* [Task statement]: Print all the entries verbatim.

* [Records for processing]:
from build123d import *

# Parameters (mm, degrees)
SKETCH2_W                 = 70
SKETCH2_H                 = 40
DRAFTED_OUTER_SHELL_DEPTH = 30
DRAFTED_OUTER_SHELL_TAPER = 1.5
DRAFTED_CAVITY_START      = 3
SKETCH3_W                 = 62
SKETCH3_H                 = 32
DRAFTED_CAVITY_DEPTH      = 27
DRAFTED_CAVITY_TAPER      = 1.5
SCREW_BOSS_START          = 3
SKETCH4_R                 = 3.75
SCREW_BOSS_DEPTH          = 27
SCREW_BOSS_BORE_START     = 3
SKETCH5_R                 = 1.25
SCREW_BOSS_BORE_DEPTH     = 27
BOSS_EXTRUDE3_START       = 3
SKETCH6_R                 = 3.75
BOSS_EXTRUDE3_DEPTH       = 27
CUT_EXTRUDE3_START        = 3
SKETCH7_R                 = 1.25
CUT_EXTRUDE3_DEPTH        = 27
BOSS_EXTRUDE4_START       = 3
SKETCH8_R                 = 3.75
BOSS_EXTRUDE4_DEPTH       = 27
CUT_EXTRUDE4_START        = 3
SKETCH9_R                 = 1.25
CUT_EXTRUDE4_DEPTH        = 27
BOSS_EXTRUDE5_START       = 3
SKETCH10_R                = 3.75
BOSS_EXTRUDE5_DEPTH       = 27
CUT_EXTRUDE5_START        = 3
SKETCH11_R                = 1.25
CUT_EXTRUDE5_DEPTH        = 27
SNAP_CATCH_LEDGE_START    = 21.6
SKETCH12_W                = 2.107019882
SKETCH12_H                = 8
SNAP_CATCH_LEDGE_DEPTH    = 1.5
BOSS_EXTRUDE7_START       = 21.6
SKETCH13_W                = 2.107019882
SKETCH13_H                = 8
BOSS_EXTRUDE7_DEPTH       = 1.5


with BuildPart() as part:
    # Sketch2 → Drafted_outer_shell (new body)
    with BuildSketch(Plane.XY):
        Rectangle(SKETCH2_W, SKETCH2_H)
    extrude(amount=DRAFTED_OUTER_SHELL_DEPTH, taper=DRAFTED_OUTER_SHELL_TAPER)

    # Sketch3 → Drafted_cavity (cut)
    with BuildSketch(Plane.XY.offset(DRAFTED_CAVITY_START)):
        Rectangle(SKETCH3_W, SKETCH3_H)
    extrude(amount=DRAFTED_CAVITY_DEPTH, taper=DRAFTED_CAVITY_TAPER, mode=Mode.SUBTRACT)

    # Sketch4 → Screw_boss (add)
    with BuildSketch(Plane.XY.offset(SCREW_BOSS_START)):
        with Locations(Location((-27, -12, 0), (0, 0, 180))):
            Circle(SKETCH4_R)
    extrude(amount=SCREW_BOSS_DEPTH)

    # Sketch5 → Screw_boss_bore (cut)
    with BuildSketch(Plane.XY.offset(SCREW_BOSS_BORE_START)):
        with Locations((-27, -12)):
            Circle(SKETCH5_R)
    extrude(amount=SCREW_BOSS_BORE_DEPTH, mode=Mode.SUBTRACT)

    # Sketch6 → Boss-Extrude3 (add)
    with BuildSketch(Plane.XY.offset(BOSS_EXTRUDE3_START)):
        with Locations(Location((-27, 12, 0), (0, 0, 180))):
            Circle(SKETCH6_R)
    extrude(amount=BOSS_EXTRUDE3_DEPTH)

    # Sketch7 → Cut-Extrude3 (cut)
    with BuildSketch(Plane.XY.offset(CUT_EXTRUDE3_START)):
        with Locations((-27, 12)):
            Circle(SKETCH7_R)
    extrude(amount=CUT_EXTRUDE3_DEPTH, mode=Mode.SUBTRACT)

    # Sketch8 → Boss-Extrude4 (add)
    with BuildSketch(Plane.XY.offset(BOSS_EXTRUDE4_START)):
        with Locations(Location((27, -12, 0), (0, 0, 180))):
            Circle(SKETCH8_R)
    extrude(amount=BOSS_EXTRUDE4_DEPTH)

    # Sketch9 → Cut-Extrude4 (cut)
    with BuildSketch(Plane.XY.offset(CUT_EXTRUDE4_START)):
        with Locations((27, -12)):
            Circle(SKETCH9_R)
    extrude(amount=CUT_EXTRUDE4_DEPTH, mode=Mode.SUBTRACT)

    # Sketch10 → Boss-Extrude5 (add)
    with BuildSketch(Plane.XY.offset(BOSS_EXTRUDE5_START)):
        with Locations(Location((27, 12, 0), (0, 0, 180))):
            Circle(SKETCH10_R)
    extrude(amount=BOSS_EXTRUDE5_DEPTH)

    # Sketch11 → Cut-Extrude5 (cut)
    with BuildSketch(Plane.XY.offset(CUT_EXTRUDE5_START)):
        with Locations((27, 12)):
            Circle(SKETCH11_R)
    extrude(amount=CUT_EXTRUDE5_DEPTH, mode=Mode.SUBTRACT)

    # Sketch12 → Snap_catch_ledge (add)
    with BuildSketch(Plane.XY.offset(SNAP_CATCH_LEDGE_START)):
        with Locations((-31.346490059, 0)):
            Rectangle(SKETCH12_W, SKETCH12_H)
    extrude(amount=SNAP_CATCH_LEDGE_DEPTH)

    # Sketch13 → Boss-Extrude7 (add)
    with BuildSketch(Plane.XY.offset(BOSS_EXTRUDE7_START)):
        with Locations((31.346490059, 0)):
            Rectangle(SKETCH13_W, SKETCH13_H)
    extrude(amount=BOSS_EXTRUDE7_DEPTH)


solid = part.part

* [Answer space]:
from build123d import *

# Parameters (mm, degrees)
SKETCH2_W                 = 70
SKETCH2_H                 = 40
DRAFTED_OUTER_SHELL_DEPTH = 30
DRAFTED_OUTER_SHELL_TAPER = 1.5
DRAFTED_CAVITY_START      = 3
SKETCH3_W                 = 62
SKETCH3_H                 = 32
DRAFTED_CAVITY_DEPTH      = 27
DRAFTED_CAVITY_TAPER      = 1.5
SCREW_BOSS_START          = 3
SKETCH4_R                 = 3.75
SCREW_BOSS_DEPTH          = 27
SCREW_BOSS_BORE_START     = 3
SKETCH5_R                 = 1.25
SCREW_BOSS_BORE_DEPTH     = 27
BOSS_EXTRUDE3_START       = 3
SKETCH6_R                 = 3.75
BOSS_EXTRUDE3_DEPTH       = 27
CUT_EXTRUDE3_START        = 3
SKETCH7_R                 = 1.25
CUT_EXTRUDE3_DEPTH        = 27
BOSS_EXTRUDE4_START       = 3
SKETCH8_R                 = 3.75
BOSS_EXTRUDE4_DEPTH       = 27
CUT_EXTRUDE4_START        = 3
SKETCH9_R                 = 1.25
CUT_EXTRUDE4_DEPTH        = 27
BOSS_EXTRUDE5_START       = 3
SKETCH10_R                = 3.75
BOSS_EXTRUDE5_DEPTH       = 27
CUT_EXTRUDE5_START        = 3
SKETCH11_R                = 1.25
CUT_EXTRUDE5_DEPTH        = 27
SNAP_CATCH_LEDGE_START    = 21.6
SKETCH12_W                = 2.107019882
SKETCH12_H                = 8
SNAP_CATCH_LEDGE_DEPTH    = 1.5
BOSS_EXTRUDE7_START       = 21.6
SKETCH13_W                = 2.107019882
SKETCH13_H                = 8
BOSS_EXTRUDE7_DEPTH       = 1.5


with BuildPart() as part:
    # Sketch2 → Drafted_outer_shell (new body)
    with BuildSketch(Plane.XY):
        Rectangle(SKETCH2_W, SKETCH2_H)
    extrude(amount=DRAFTED_OUTER_SHELL_DEPTH, taper=DRAFTED_OUTER_SHELL_TAPER)

    # Sketch3 → Drafted_cavity (cut)
    with BuildSketch(Plane.XY.offset(DRAFTED_CAVITY_START)):
        Rectangle(SKETCH3_W, SKETCH3_H)
    extrude(amount=DRAFTED_CAVITY_DEPTH, taper=DRAFTED_CAVITY_TAPER, mode=Mode.SUBTRACT)

    # Sketch4 → Screw_boss (add)
    with BuildSketch(Plane.XY.offset(SCREW_BOSS_START)):
        with Locations(Location((-27, -12, 0), (0, 0, 180))):
            Circle(SKETCH4_R)
    extrude(amount=SCREW_BOSS_DEPTH)

    # Sketch5 → Screw_boss_bore (cut)
    with BuildSketch(Plane.XY.offset(SCREW_BOSS_BORE_START)):
        with Locations((-27, -12)):
            Circle(SKETCH5_R)
    extrude(amount=SCREW_BOSS_BORE_DEPTH, mode=Mode.SUBTRACT)

    # Sketch6 → Boss-Extrude3 (add)
    with BuildSketch(Plane.XY.offset(BOSS_EXTRUDE3_START)):
        with Locations(Location((-27, 12, 0), (0, 0, 180))):
            Circle(SKETCH6_R)
    extrude(amount=BOSS_EXTRUDE3_DEPTH)

    # Sketch7 → Cut-Extrude3 (cut)
    with BuildSketch(Plane.XY.offset(CUT_EXTRUDE3_START)):
        with Locations((-27, 12)):
            Circle(SKETCH7_R)
    extrude(amount=CUT_EXTRUDE3_DEPTH, mode=Mode.SUBTRACT)

    # Sketch8 → Boss-Extrude4 (add)
    with BuildSketch(Plane.XY.offset(BOSS_EXTRUDE4_START)):
        with Locations(Location((27, -12, 0), (0, 0, 180))):
            Circle(SKETCH8_R)
    extrude(amount=BOSS_EXTRUDE4_DEPTH)

    # Sketch9 → Cut-Extrude4 (cut)
    with BuildSketch(Plane.XY.offset(CUT_EXTRUDE4_START)):
        with Locations((27, -12)):
            Circle(SKETCH9_R)
    extrude(amount=CUT_EXTRUDE4_DEPTH, mode=Mode.SUBTRACT)

    # Sketch10 → Boss-Extrude5 (add)
    with BuildSketch(Plane.XY.offset(BOSS_EXTRUDE5_START)):
        with Locations(Location((27, 12, 0), (0, 0, 180))):
            Circle(SKETCH10_R)
    extrude(amount=BOSS_EXTRUDE5_DEPTH)

    # Sketch11 → Cut-Extrude5 (cut)
    with BuildSketch(Plane.XY.offset(CUT_EXTRUDE5_START)):
        with Locations((27, 12)):
            Circle(SKETCH11_R)
    extrude(amount=CUT_EXTRUDE5_DEPTH, mode=Mode.SUBTRACT)

    # Sketch12 → Snap_catch_ledge (add)
    with BuildSketch(Plane.XY.offset(SNAP_CATCH_LEDGE_START)):
        with Locations((-31.346490059, 0)):
            Rectangle(SKETCH12_W, SKETCH12_H)
    extrude(amount=SNAP_CATCH_LEDGE_DEPTH)

    # Sketch13 → Boss-Extrude7 (add)
    with BuildSketch(Plane.XY.offset(BOSS_EXTRUDE7_START)):
        with Locations((31.346490059, 0)):
            Rectangle(SKETCH13_W, SKETCH13_H)
    extrude(amount=BOSS_EXTRUDE7_DEPTH)


solid = part.part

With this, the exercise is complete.